Note that in full languages, numbers and strings have a similar status to value constructors, but their presence would complicate your development (of semantics and code).
But using just value constructors, we can simulate some interesting stuff. For example, "Wow! That's a Tall Square." (And explain what that syntax means.)
[x] line 927: Make it clear that the examples in Figure 12 compile.
[x] lines 939 to 932: Simplify. And forget the parser—blaming limitations on the parser just makes you look bad. 1. As explained above, use value constructors. 2. P+ has no infix operators, so parenthesized.
[x] line 961: In the caption, also make it clear that the examples in Figure 12 compile.
[x] line 937: Strike the subordinate clause: "P+ admits of ..."
[x] lines 936 to 982: This section isn't germane to your thesis. Move it to an appendix.
[x] lines 986 to 989, verbs. "The elements of VC that lead to unpredictable or costly run times are backtracking and multiple results." (Main verb "to be" chosen in order to end the sentence with the topic of the paragraph.)
[x] lines 989 to 993, keep one subject: "Removing ... strips ... but it leaves VC's equations ..."
[x] lines 994 to 998: I can't reconcile this claim with the figures. It looks like choice is permitted only in
if ... fi
. And I don't seeone
. In any case, "drawn to harnessing" needs to be related to your thesis and to be connected with examples. Instead, I suggest you cut it.[x] line 999: s/imagine/propose/
[x] line 1015: This claim needs to be substantiated. First with an example, then later with a theorem and a proof.
[x] line 1021: the proper citation for guarded commands is as follows:
[x] lines 985 to 1025: this page isn't working for me. Let's talk about it tomorrow.
[x] lines 1026 to 1045: I don't see a way for a reader to compare V- with P+. Since they are almost the same, that's a problem. Consider returning to the unified figure.
[x] line 1052, singular: "A programmer can..."
[x] line 1061: "previous problems" needs a page reference.

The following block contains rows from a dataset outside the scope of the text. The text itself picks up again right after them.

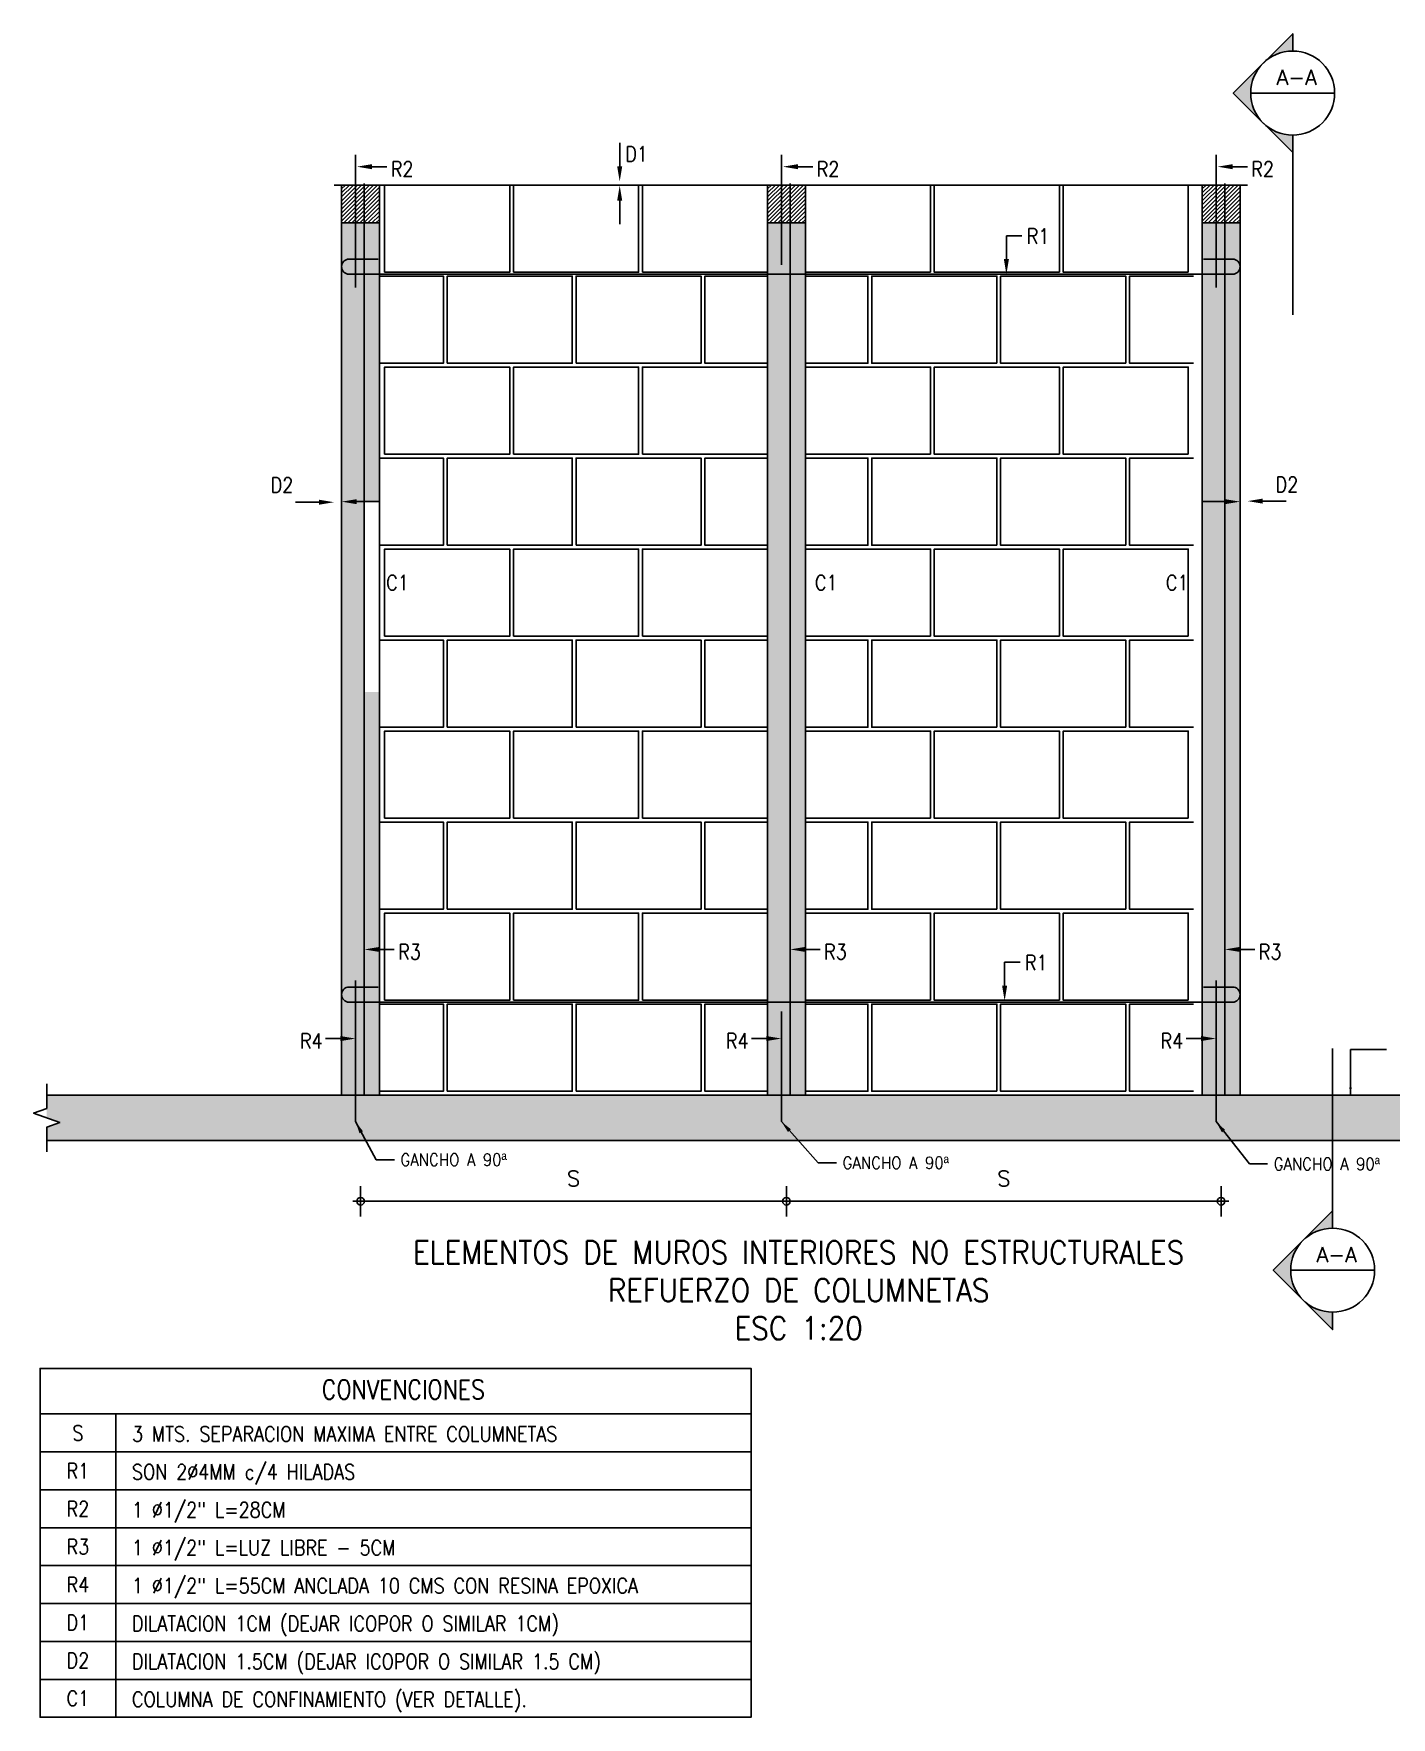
# Model space of a CAD drawing. Header units: feet. Extents: x -398 to 164, y -304 to 319.
# Drawn here: x 75.195 to 78.776, y 63.161 to 67.602 of the extents above; entities that cross this region are included whole.
import ezdxf
from ezdxf.enums import TextEntityAlignment as Align

# ---------------------------------------------------------------- set-up
doc = ezdxf.new("R2010")
doc.units = ezdxf.units.FT
doc.header["$MEASUREMENT"] = 0
doc.layers.get('DEFPOINTS').update_dxf_attribs({"lineweight": 0})
for name, color, linetype in [('ACERO', 6, 'Continuous'), ('BLOQUES', 7, 'Continuous'), ('DIM', 7, 'Continuous'), ('FLECHAS', 7, 'Continuous'), ('HATCH', 9, 'Continuous'), ('LETRA', 7, 'Continuous'), ('PLACA', 3, 'Continuous'), ('PROV1', 4, 'Continuous'), ('TEXT', 11, 'Continuous'), ('TEXTO', 7, 'Continuous')]:
    doc.layers.add(name, color=color, linetype=linetype)
doc.layers.add('TX', color=60, linetype='Continuous', lineweight=0)
doc.styles.add('D020N', font='romans.shx', dxfattribs={"height": 0.032})
doc.styles.add('D025N', font='romans.shx', dxfattribs={"height": 0.04})
doc.styles.add('ROM', font='romans.shx')
doc.styles.add('ROMANS', font='romans.shx', dxfattribs={"width": 0.9})
doc.styles.add('SETEYCO', font='ROMANS.shx', dxfattribs={"width": 0.9, "height": 0.24})
doc.dimstyles.new('D020$7', dxfattribs={"dimtxt": 0.032, "dimasz": 0.032, "dimexe": 0, "dimexo": 0, "dimgap": 0.035, "dimtad": 1, "dimzin": 4, "dimdsep": 46, "dimtxsty": 'D020N', "dimblk1": 'DIMBLK', "dimblk2": 'DIMBLK', "dimsah": 1, "dimcen": 0.09, "dimse1": 1, "dimse2": 1, "dimclrd": 9, "dimclre": 256, "dimclrt": 256, "dimadec": 0, "dimazin": 0, "dimtfac": 6, "dimtix": 1, "dimtmove": 2, "dimatfit": 3, "dimfxl": 0, "dimtvp": 0.4666666666666667, "dimtolj": 1, "dimtzin": 4, "dimarcsym": 0})
doc.dimstyles.new('D025', dxfattribs={"dimtxt": 0.15, "dimasz": 0.02, "dimexe": 0, "dimexo": 0, "dimgap": 0.045, "dimtad": 1, "dimzin": 4, "dimdsep": 46, "dimtxsty": 'D025N', "dimblk1": 'DIMBLK', "dimblk2": 'DIMBLK', "dimsah": 1, "dimcen": 0.09, "dimse1": 1, "dimse2": 1, "dimclrd": 9, "dimclre": 256, "dimclrt": 256, "dimadec": 0, "dimazin": 0, "dimtfac": 6, "dimtix": 1, "dimtmove": 2, "dimatfit": 3, "dimfxl": 1, "dimtvp": 0.4666666666666667, "dimtolj": 1, "dimtzin": 4, "dimarcsym": 0})

# ---------------------------------------------------------------- blocks, each defined once
blk = doc.blocks.new('DIMBLK')
for p, q in [((0, -6.938893903907228e-18), (0, 2.002949861640334)), ((0, 0), (0, -2.002949861640334)), ((0, -6.938893903907228e-18), (-1, -6.938893903907228e-18)), ((0, -6.938893903907228e-18), (1, -6.938893903907228e-18))]:
    blk.add_line(p, q)
blk.add_circle((0, -6.938893903907228e-18), 0.5)
blk = doc.blocks.new('*D176')
at = {"layer": 'DEFPOINTS', "color": 0, "transparency": 16777216}
for p in [(77.18083209065773, 64.52227368777716), (76.05737616038434, 64.37896030257136), (77.18083209065773, 64.37896030257133)]:
    blk.add_point(p, dxfattribs=at)
at = {"layer": 'TEXTO', "color": 9, "lineweight": -2, "transparency": 16777216}
blk.add_line((76.07737616038433, 64.52227368777716), (77.16083209065773, 64.52227368777716), dxfattribs=at)
at = {"layer": 'TEXTO', "color": 9, "lineweight": -2, "transparency": 16777216, "xscale": 0.02, "yscale": 0.02, "zscale": 0.02, "rotation": 180}
blk.add_blockref('DIMBLK', (76.05737616038434, 64.52227368777716), dxfattribs=at)
at = {"layer": 'TEXTO', "color": 9, "lineweight": -2, "transparency": 16777216, "xscale": 0.02, "yscale": 0.02, "zscale": 0.02}
blk.add_blockref('DIMBLK', (77.18083209065773, 64.52227368777716), dxfattribs=at)
at = {"layer": 'TEXTO', "transparency": 16777216, "insert": (76.61910412552103, 64.58227368777716), "char_height": 0.04, "attachment_point": 5, "style": 'D025N'}
blk.add_mtext('\\A1;S', dxfattribs=at)
blk = doc.blocks.new('*D177')
at = {"layer": 'DEFPOINTS', "color": 0, "transparency": 16777216}
for p in [(78.32737616038435, 64.52227368777716), (77.18083209065773, 64.37896030257136), (78.32737616038435, 64.37896030257133)]:
    blk.add_point(p, dxfattribs=at)
at = {"layer": 'TEXTO', "color": 9, "lineweight": -2, "transparency": 16777216}
blk.add_line((77.20083209065773, 64.52227368777716), (78.30737616038435, 64.52227368777716), dxfattribs=at)
at = {"layer": 'TEXTO', "color": 9, "lineweight": -2, "transparency": 16777216, "xscale": 0.02, "yscale": 0.02, "zscale": 0.02, "rotation": 180}
blk.add_blockref('DIMBLK', (77.18083209065773, 64.52227368777716), dxfattribs=at)
at = {"layer": 'TEXTO', "color": 9, "lineweight": -2, "transparency": 16777216, "xscale": 0.02, "yscale": 0.02, "zscale": 0.02}
blk.add_blockref('DIMBLK', (78.32737616038435, 64.52227368777716), dxfattribs=at)
at = {"layer": 'TEXTO', "transparency": 16777216, "insert": (77.75410412552104, 64.58227368777716), "char_height": 0.04, "attachment_point": 5, "style": 'D025N'}
blk.add_mtext('\\A1;S', dxfattribs=at)
blk = doc.blocks.new('CTE-TRANSV-IZQ')
at = {"layer": 'HATCH'}
h = blk.add_hatch(color=256, dxfattribs=at)
edge = h.paths.add_edge_path()
edge.add_ellipse((9.237055564881302e-14, -0.6262408647148945), major_axis=(-0.3131204323574019, 0.3131204323574019), ratio=0.9999999999999889, start_angle=360.00000000000244, end_angle=404.9999999999955, ccw=False)
edge.add_line((-0.3131204323573229, -0.3131204323575076), (-0.6262408647148732, -0.6262408647147168))
edge.add_line((-0.6262408647148732, -0.6262408647147168), (-0.3131204323573229, -0.9393612970722103))
edge.add_ellipse((7.105427357601002e-14, -0.6262408647148305), major_axis=(-0.3131204323573895, 0.3131204323573896), ratio=0.9999999999999913, start_angle=405.0000000000039, end_angle=449.9999999999987, ccw=False)
edge = h.paths.add_edge_path()
edge.add_ellipse((1.77635683940025e-14, -0.6262408647149016), major_axis=(-0.3131204323573677, 0.3131204323573678), ratio=0.9999999999999984, start_angle=315.0000000000023, end_angle=359.99999999999505, ccw=False)
edge.add_line((0, -0.1834217026189862), (0, 0))
edge.add_line((0, 0), (-0.3131204323573229, -0.3131204323575076))
edge = h.paths.add_edge_path()
edge.add_line((-0.3131204323573229, -0.9393612970722103), (0, -1.252481729429746))
edge.add_line((0, -1.252481729429746), (0, -1.069060026810774))
edge.add_ellipse((8.881784197001252e-14, -0.6262408647147879), major_axis=(-0.313120432357418, -0.3131204323574179), ratio=0.9999999999999941, start_angle=1.0800249583553523e-12, end_angle=44.999999999988574, ccw=False)
at = {"layer": 'PLACA'}
for p, q in [((0, 0), (0, -0.1834217026188121)), ((0, -1.069060026810735), (0, -2.966176700147784))]:
    blk.add_line(p, q, dxfattribs=at)
at = {"layer": 'TEXTO'}
blk.add_line((-0.4428191620959625, -0.6262408647147737), (0.4428191620959625, -0.6262408647147737), dxfattribs=at)
blk.add_lwpolyline([(0, -0.1834217026189862), (0, 0), (-0.6262408647146458, -0.626240864714859), (0, -1.252481729429576), (0, -1.069060026810774)], dxfattribs=at)
blk.add_circle((0, -0.6262408647147737), 0.4428191620959629, dxfattribs=at)
at = {"layer": 'TEXTO', "style": 'ROMANS'}
for tag, height, p in [('A-A', 0.16, (-0.002186070625185721, -0.5397991449429611)), ('R1-04', 0.14, (0.008337292734211132, -0.842593658077547))]:
    blk.add_attdef(tag, text='', height=height, dxfattribs=at).set_placement(p, align=Align.CENTER)
blk = doc.blocks.new('CTE-TRANSV-IZQ-BAJO')
at = {"layer": 'HATCH'}
h = blk.add_hatch(color=256, dxfattribs=at)
edge = h.paths.add_edge_path()
edge.add_ellipse((2.486899575160351e-14, 0.1565602161787254), major_axis=(0.07828010808935204, 0.07828010808935204), ratio=0.9999999999999274, start_angle=135.0000000000034, end_angle=179.9999999999974)
edge.add_line((-0.07828010808933072, 0.07828010808937691), (-0.1565602161787183, 0.1565602161786792))
edge.add_line((-0.1565602161787183, 0.1565602161786792), (-0.07828010808933072, 0.2348403242680526))
edge.add_ellipse((1.77635683940025e-14, 0.1565602161787076), major_axis=(-0.07828010808934675, 0.07828010808934675), ratio=0.999999999999958, start_angle=1.297666310037115e-12, end_angle=44.99999999999753)
edge = h.paths.add_edge_path()
edge.add_ellipse((3.552713678800501e-15, 0.1565602161787254), major_axis=(0.07828010808934138, 0.07828010808934138), ratio=0.9999999999999036, start_angle=180.0000000000052, end_angle=225.0000000000009)
edge.add_line((0, 0.04585542565474654), (0, 0))
edge.add_line((0, 0), (-0.07828010808933072, 0.07828010808937691))
edge = h.paths.add_edge_path()
edge.add_line((-0.07828010808933072, 0.2348403242680526), (0, 0.3131204323574366))
edge.add_line((0, 0.3131204323574366), (0, 0.2672650067026936))
edge.add_ellipse((2.131628207280301e-14, 0.156560216178697), major_axis=(-0.07828010808935382, 0.07828010808935382), ratio=0.9999999999999507, start_angle=-44.99999999999039, end_angle=-1.297666310037115e-12)
at = {"layer": 'PLACA'}
for p, q in [((0, 0.2672650067026829), (0, 0.741544175036946)), ((0, 0), (0, 0.04585542565470391))]:
    blk.add_line(p, q, dxfattribs=at)
at = {"layer": 'TEXTO'}
blk.add_line((-0.1107047905239895, 0.1565602161786934), (0.1107047905239895, 0.1565602161786934), dxfattribs=at)
blk.add_lwpolyline([(0, 0.04585542565474654), (0, 0), (-0.1565602161786614, 0.1565602161787147), (0, 0.313120432357394), (0, 0.2672650067026936)], dxfattribs=at)
blk.add_circle((0, 0.1565602161786934), 0.1107047905239907, dxfattribs=at)
at = {"layer": 'TEXTO', "style": 'ROMANS'}
for tag, height, p in [('A-A', 0.04, (-0.0005465176562964302, 0.1777401602468736)), ('R1-04', 0.035, (0.002084323183552783, 0.1020415319632271))]:
    blk.add_attdef(tag, text='', height=height, dxfattribs=at).set_placement(p, align=Align.CENTER)

msp = doc.modelspace()

# ---------------------------------------------------------------- hatches: boundary and pattern name
at = {"layer": 'HATCH'}
h = msp.add_hatch(dxfattribs=at)
h.set_pattern_fill('ANSI31', color=256, scale=0.06, style=0)
h.set_pattern_definition([(45, (68.31150147235942, 46.87431194281326), (-0.005303300858899106, 0.005303300858899107), [])])
h.paths.add_polyline_path([(76.10737616038433, 67.10224510709051), (76.10737616038433, 67.2022451070905), (76.00737616038433, 67.2022451070905), (76.00737616038433, 67.1022451070905)])
h = msp.add_hatch(dxfattribs=at)
h.set_pattern_fill('ANSI31', color=256, scale=0.06, style=0)
h.set_pattern_definition([(45, (69.43495740263282, 46.87438107452105), (-0.005303300858899106, 0.005303300858899107), [])])
h.paths.add_polyline_path([(77.23083209065771, 67.1023142387983), (77.23083209065771, 67.2023142387983), (77.13083209065772, 67.2023142387983), (77.13083209065772, 67.1023142387983)])
h = msp.add_hatch(dxfattribs=at)
h.set_pattern_fill('ANSI31', color=256, scale=0.06, style=0)
h.set_pattern_definition([(45, (70.58150147235943, 46.87438107452105), (-0.005303300858899106, 0.005303300858899107), [])])
h.paths.add_polyline_path([(78.37737616038433, 67.1023142387983), (78.37737616038433, 67.2023142387983), (78.27737616038434, 67.2023142387983), (78.27737616038434, 67.1023142387983)])
h = msp.add_hatch(dxfattribs=at)
h.set_pattern_fill('AR-CONC', color=256, scale=0.015, style=0)
h.set_pattern_definition([(49.99999999999999, (52.37902889891014, 46.64418575071983), (0.107589027390113, -0.009412820247389266), [0.01125, -0.12375]), (355, (52.37902889891014, 46.64418575071983), (-0.02081270004195, 0.1128288200550018), [0.009, -0.09899999999999999]), (100.4514, (52.38799465091014, 46.64340134971983), (0.08677640725710323, 0.103415931309143), [0.009561028499999989, -0.1051713167999999]), (46.18420000000002, (52.37902889891014, 46.67418575071983), (0.1600861572938466, -0.02482785214935271), [0.01687499999999996, -0.1856249999999997]), (96.63559999999998, (52.39236941066014, 46.67211675466983), (0.1401994058323055, 0.1461176806350662), [0.01434154319999999, -0.1577569499999998]), (351.1842, (52.37902889891014, 46.67418575071983), (0.1401992917700441, 0.1461177901387987), [0.0135, -0.1485]), (21, (52.39402889891014, 46.66668575071983), (0.08953605781776924, -0.06039283359980082), [0.01125, -0.12375]), (326.0000000000001, (52.39402889891014, 46.66668575071983), (0.03649729978823726, 0.1087725067570279), [0.009, -0.09899999999999999]), (71.4514, (52.40149023386013, 46.66165300981983), (0.1260333942872235, 0.04837957450649286), [0.0095610285, -0.1051713168]), (37.50000000000001, (52.37902889891014, 46.64418575071983), (0.0018239782975936, 0.04993407807469672), [0, -0.09779999999999998, 0, -0.1005, 0, -0.09937499999999999]), (7.499999999999999, (52.37902889891014, 46.64418575071983), (0.03946043061632229, 0.05916175678235403), [0, -0.0573, 0, -0.09555, 0, -0.037875]), (327.5, (52.34557889891013, 46.64418575071983), (0.08007336542586137, -0.00338323076015697), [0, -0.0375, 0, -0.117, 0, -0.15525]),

[x] line 1064: Either substantiate the claim (by pointing out the similarities and differences), or drop it.
[x] lines 1092ff: subsection 3.7 belongs in the discussion section.
[ ] line 1113: yes, definitely examples. In the discussion section.
[x] line 1117: same issues with transition as were present with P+. When fixing both, use parallel structure.
[x] line 1140: singular "expression," please.
[x] line 1141: needs examples (just one instance apeice).
[x] line 1143: rho-hat doesn't look like a value.
[x] line 1153: wrong actors here. "We" don't do anything. It may be better to start here: "Like VC, V- has a nondeterministic semantics." Then continue with a comparison. (E.g., if no progress, Verse hits a normal form but V- gets stuck?)
[x] line 1160: singular. An environment maps each name either to a value v or to ⊥. Then explain what a binding to ⊥ represents.
[x] line 1161, refine or reject: needs examples.
pages 28 and 29: perhaps there are too many subsections here.
[x] line 1327: D is actually quite practical. It's a very minor tweak of P: you give up the ability to write nested patterns, but you gain a deterministic and perspicuous cost model.
[x] line 1330: Not sure I'd use "invariant" here. Perhaps, "one key property of the cost model is ..."
[x] lines 1332 to 1335: Too vague. Concretely, there are two points to be made. 1. The worst-case cost of evaluating a decision tree is linear in its depth. 2. When a decision tree is produced by compiling P, there are pathological cases in which the total size of the tree is exponential in the size of the source code (from P). Run time remains linear, but code size may not be.